TASK TO CARRY OUT: Starting at the line below holding "[diagram v4b: schematic, after]" and stopping at the line holding "- added C40: 100nF/50V, Capacitor_SMD:C_0603_1608Metric, symbol", print every line exactly, both ends included, and leave the rest out.

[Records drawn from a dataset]

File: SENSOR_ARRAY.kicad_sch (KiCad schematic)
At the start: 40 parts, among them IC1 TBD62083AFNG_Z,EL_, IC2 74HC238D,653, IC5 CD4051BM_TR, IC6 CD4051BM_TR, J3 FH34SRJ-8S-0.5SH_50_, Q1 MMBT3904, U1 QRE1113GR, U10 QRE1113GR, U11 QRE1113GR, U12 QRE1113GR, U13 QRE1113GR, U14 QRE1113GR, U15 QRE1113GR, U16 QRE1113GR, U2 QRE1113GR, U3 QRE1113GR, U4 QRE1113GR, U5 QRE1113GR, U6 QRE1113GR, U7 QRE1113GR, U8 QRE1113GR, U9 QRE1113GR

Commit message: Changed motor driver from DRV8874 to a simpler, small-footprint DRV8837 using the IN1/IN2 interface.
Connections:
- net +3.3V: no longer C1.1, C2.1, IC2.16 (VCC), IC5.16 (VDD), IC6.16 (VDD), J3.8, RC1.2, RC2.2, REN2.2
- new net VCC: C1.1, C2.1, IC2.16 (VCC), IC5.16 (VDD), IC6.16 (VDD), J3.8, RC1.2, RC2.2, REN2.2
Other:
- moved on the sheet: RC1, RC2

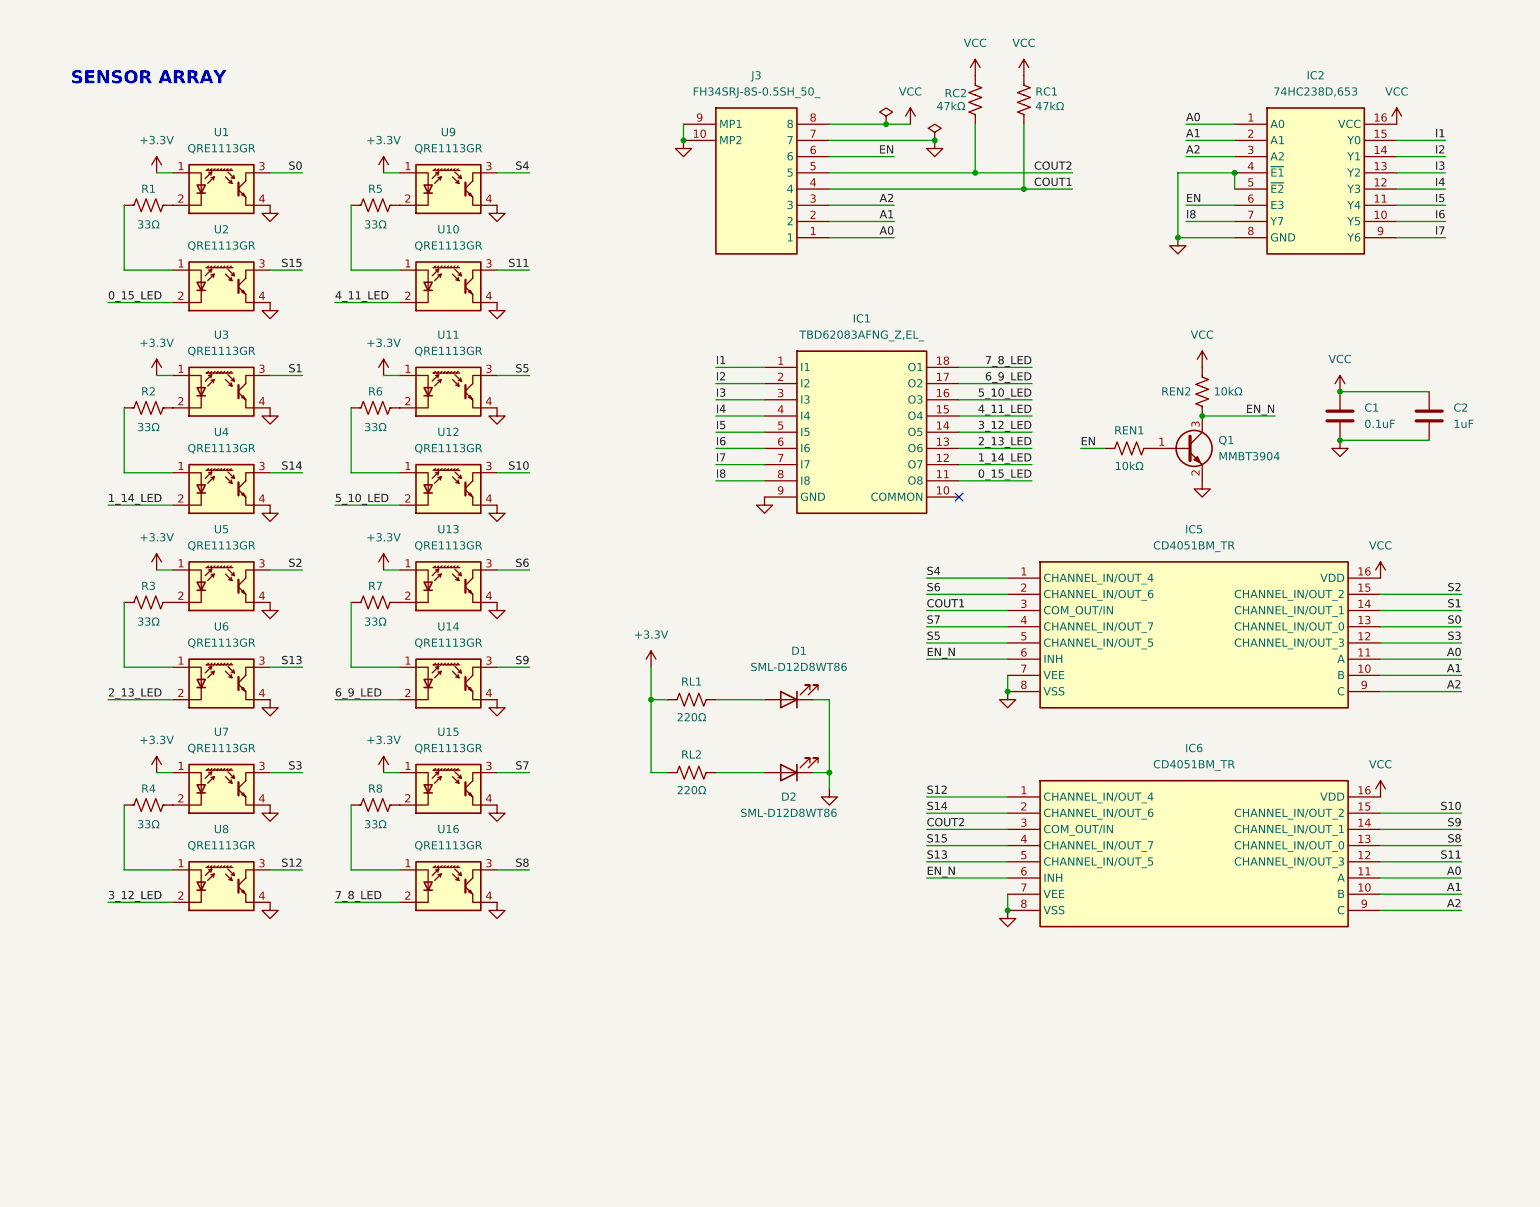
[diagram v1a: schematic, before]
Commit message: Added ESP32-C3-MINI-1 circuit for the PD control over AP STA. Added comments and read sequence explanation. The schematic is finished, please add tag.
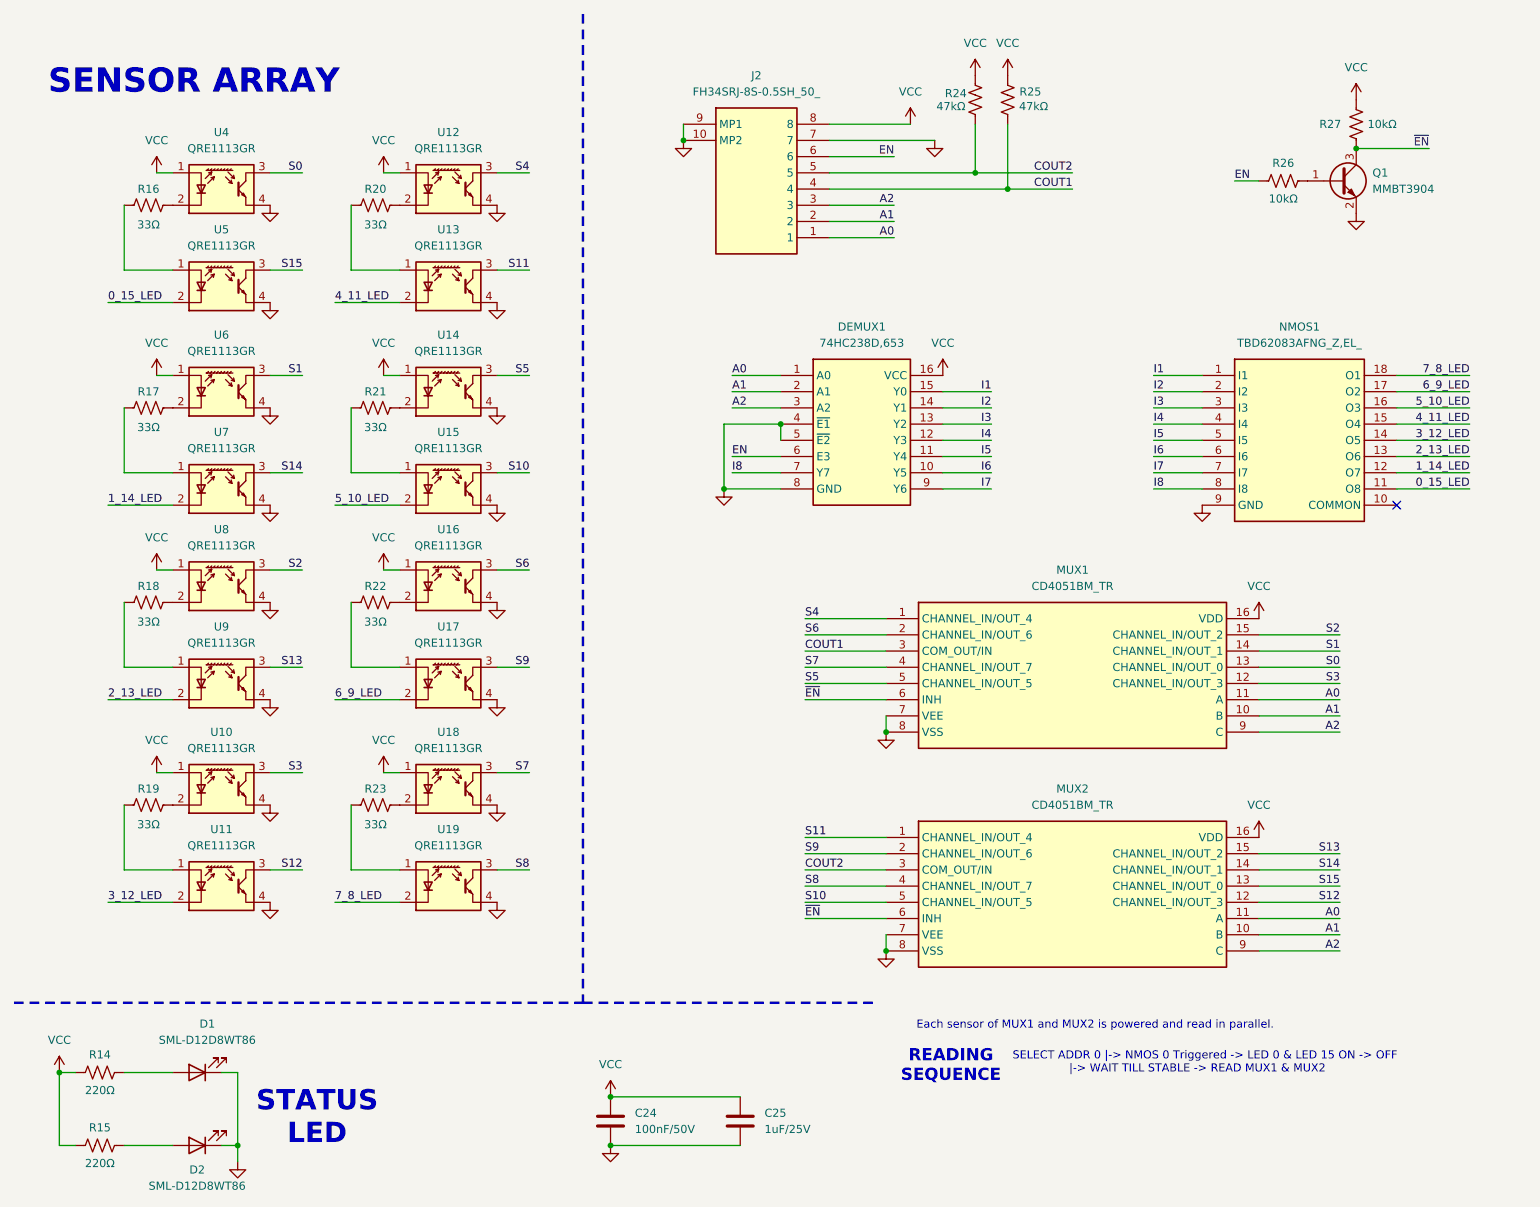
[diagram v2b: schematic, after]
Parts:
- C24: renamed from C1; value 0.1uF -> 100nF/50V
- C25: renamed from C2; value 1uF -> 1uF/25V
- renumbered IC2 to DEMUX1, J3 to J2, IC5 to MUX1, IC6 to MUX2, IC1 to NMOS1, RL1 to R14, RL2 to R15, R1 to R16, R2 to R17, R3 to R18, R4 to R19, R5 to R20, R6 to R21, R7 to R22, R8 to R23, RC2 to R24, RC1 to R25, REN1 to R26, REN2 to R27, U7 to U10, U8 to U11, U9 to U12, U10 to U13, U11 to U14, U12 to U15, U13 to U16, U14 to U17, U15 to U18, U16 to U19, U1 to U4, U2 to U5, U3 to U6, U4 to U7, U5 to U8, U6 to U9
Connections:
- net +3.3V is gone; now on net VCC: R14.1, R15.1, U10.1 (A), U12.1 (A), U14.1 (A), U16.1 (A), U18.1 (A), U4.1 (A), U6.1 (A), U8.1 (A)
- net S10: now also MUX2.5 (CHANNEL_IN/OUT_5); no longer MUX2.15 (CHANNEL_IN/OUT_2)
- net S11: now also MUX2.1 (CHANNEL_IN/OUT_4); no longer MUX2.12 (CHANNEL_IN/OUT_3)
- net S12: now also MUX2.12 (CHANNEL_IN/OUT_3); no longer MUX2.1 (CHANNEL_IN/OUT_4)
- net S13: now also MUX2.15 (CHANNEL_IN/OUT_2); no longer MUX2.5 (CHANNEL_IN/OUT_5)
- net S14: now also MUX2.14 (CHANNEL_IN/OUT_1); no longer MUX2.2 (CHANNEL_IN/OUT_6)
- net S15: now also MUX2.13 (CHANNEL_IN/OUT_0); no longer MUX2.4 (CHANNEL_IN/OUT_7)
- net S8: now also MUX2.4 (CHANNEL_IN/OUT_7); no longer MUX2.13 (CHANNEL_IN/OUT_0)
- net S9: now also MUX2.2 (CHANNEL_IN/OUT_6); no longer MUX2.14 (CHANNEL_IN/OUT_1)
- net EN_N renamed ~{EN}
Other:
- note added: "Each sensor of MUX1 and MUX2 is powered and read in parallel."
- note added: "READING SEQUENCE"
- note added: "SELECT ADDR 0 |-> NMOS 0 Triggered -> LED 0 & LED 15 ON -> OFF |-> WAIT TILL STABLE -> READ MUX1 & MUX2"
- note added: "STATUS LED"
- moved on the sheet: C24, C25, D1, D2, DEMUX1, MUX1, MUX2, NMOS1, Q1, R14, R15, R25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

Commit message: Added dedicated Current Sensing IC INA240. Changed Buck output from 3.8V (edge of Teensy's LDO supply voltage) to 5V.
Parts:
- renumbered C24 to C31, C25 to C32

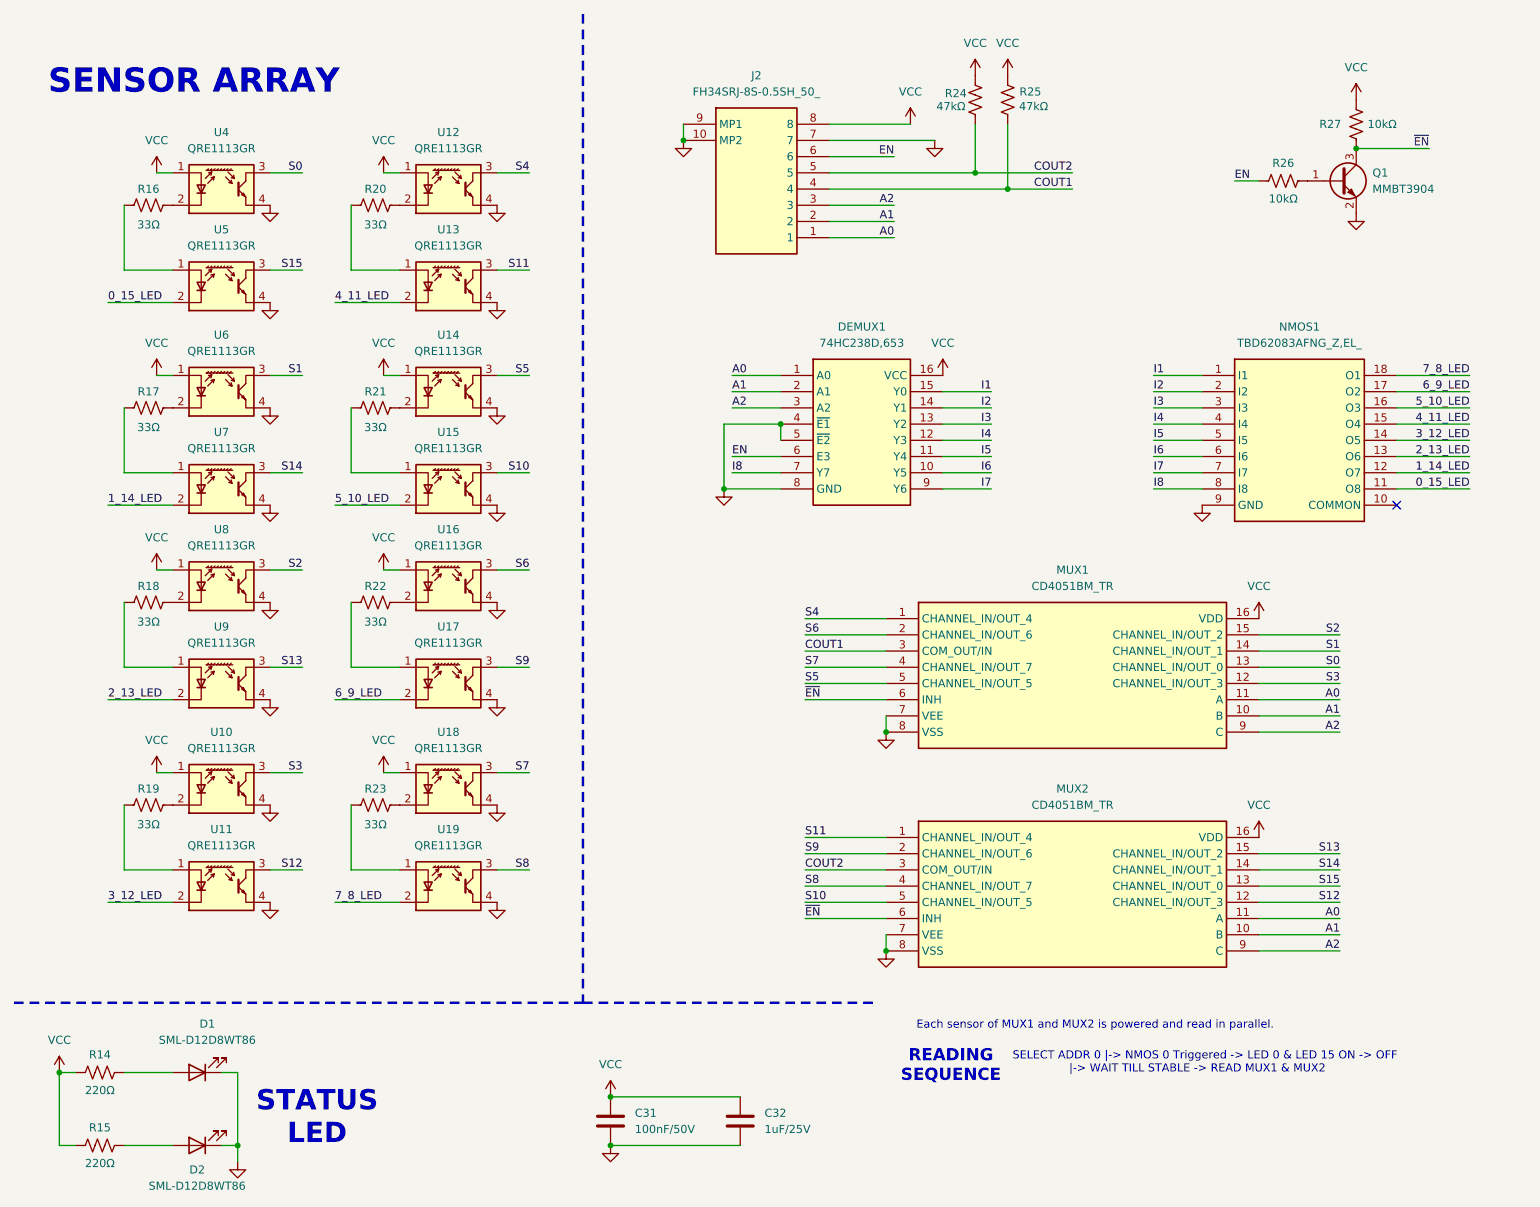
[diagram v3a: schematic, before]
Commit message: Added decoupling for sensor board. Changed the relatively old CD4051BM with over 400 ohm to 74HC4051. Added for the first time hierarchical label to connect the FFC pins across schematics.
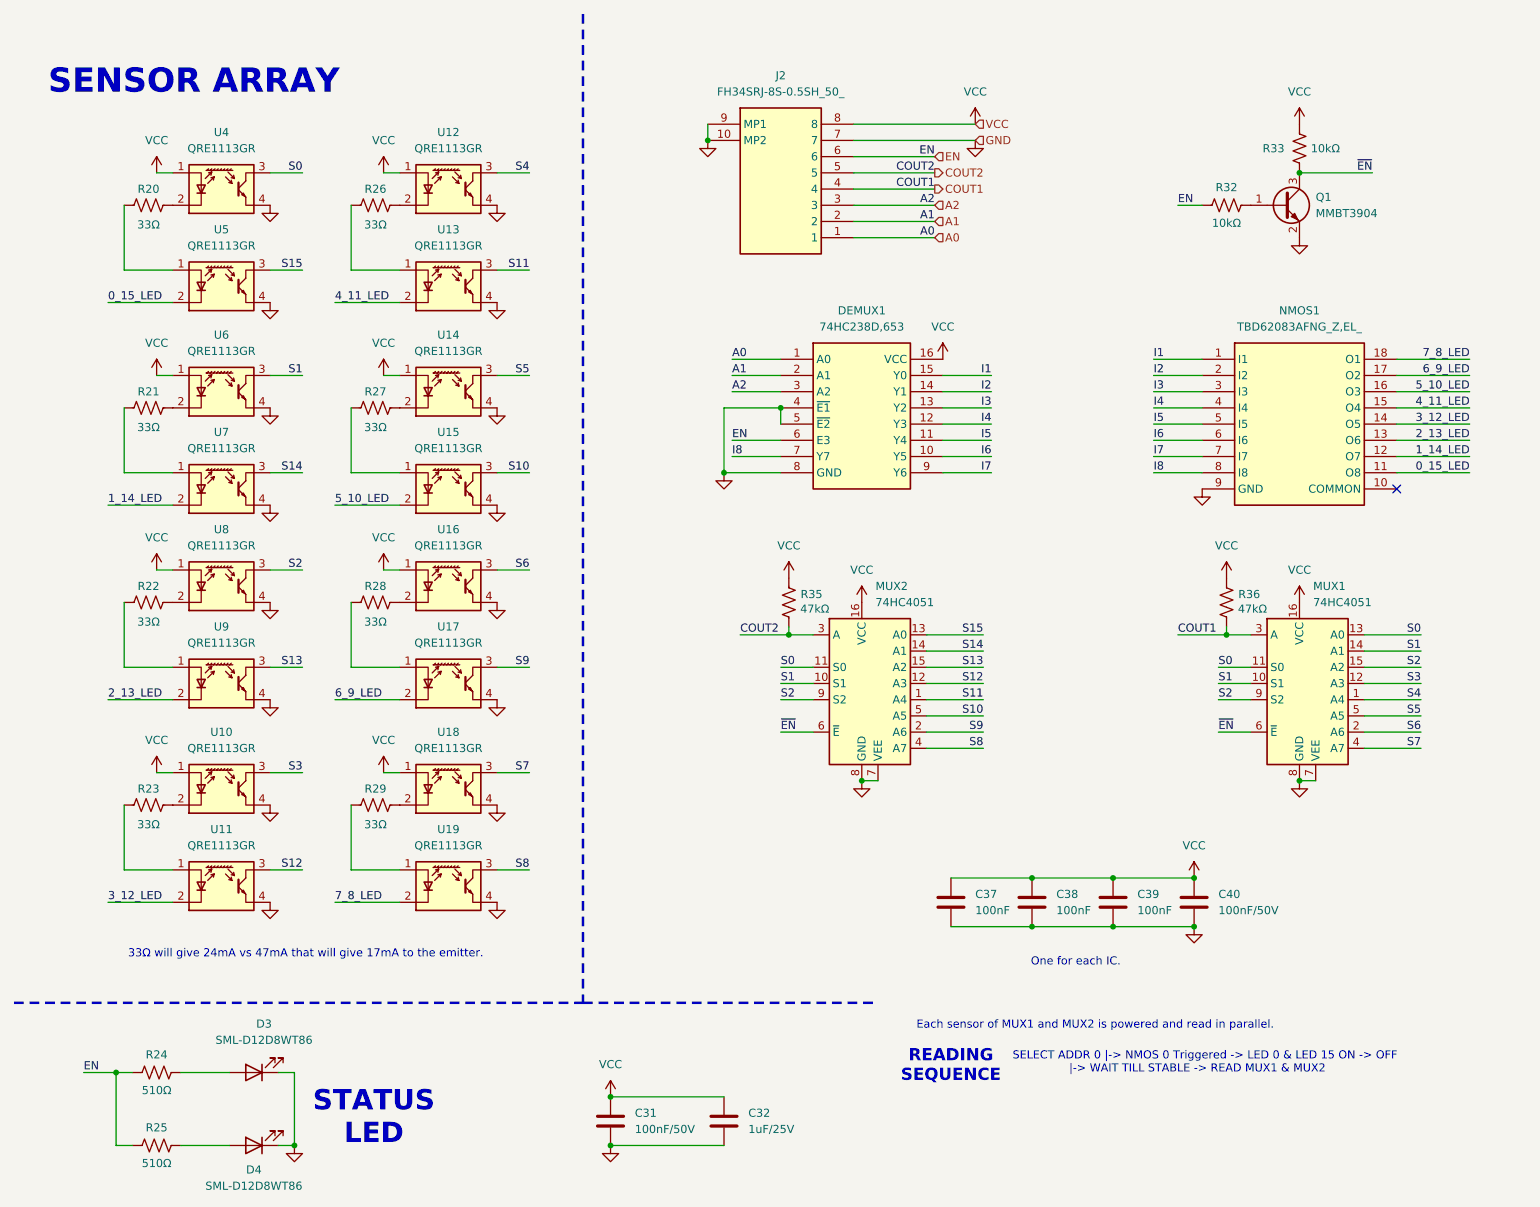
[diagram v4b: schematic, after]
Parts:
- removed MUX1, MUX2: CD4051BM_TR, SAVITAR:SOIC127P602X182-16N, symbol SAVITAR:CD4051BM_TR
- removed R14, R15: 220Ω, Resistor_SMD:R_0603_1608Metric_Pad0.98x0.95mm_HandSolder, symbol Device:R_US
- added C37, C38, C39: 100nF, Capacitor_SMD:C_0603_1608Metric, symbol Device:C
- added C40: 100nF/50V, Capacitor_SMD:C_0603_1608Metric, symbol Device:C
- added MUX1, MUX2: 74HC4051, Package_SO:SOIC-16_3.9x9.9mm_P1.27mm, symbol 74xx:74HC4051
- added R35, R36: 47kΩ, Resistor_SMD:R_0603_1608Metric, symbol Device:R_US
- C31, C32: footprint Capacitor_SMD:C_0603_1608Metric_Pad1.08x0.95mm_HandSolder -> Capacitor_SMD:C_0603_1608Metric
- D3: renamed from D1; footprint LED_SMD:LED_0603_1608Metric_Pad1.05x0.95mm_HandSolder -> LED_SMD:LED_0603_1608Metric
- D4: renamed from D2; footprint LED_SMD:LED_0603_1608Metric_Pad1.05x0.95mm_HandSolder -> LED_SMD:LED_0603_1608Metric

FINAL ANSWER:
[diagram v4b: schematic, after]
Parts:
- removed MUX1, MUX2: CD4051BM_TR, SAVITAR:SOIC127P602X182-16N, symbol SAVITAR:CD4051BM_TR
- removed R14, R15: 220Ω, Resistor_SMD:R_0603_1608Metric_Pad0.98x0.95mm_HandSolder, symbol Device:R_US
- added C37, C38, C39: 100nF, Capacitor_SMD:C_0603_1608Metric, symbol Device:C
- added C40: 100nF/50V, Capacitor_SMD:C_0603_1608Metric, symbol Device:C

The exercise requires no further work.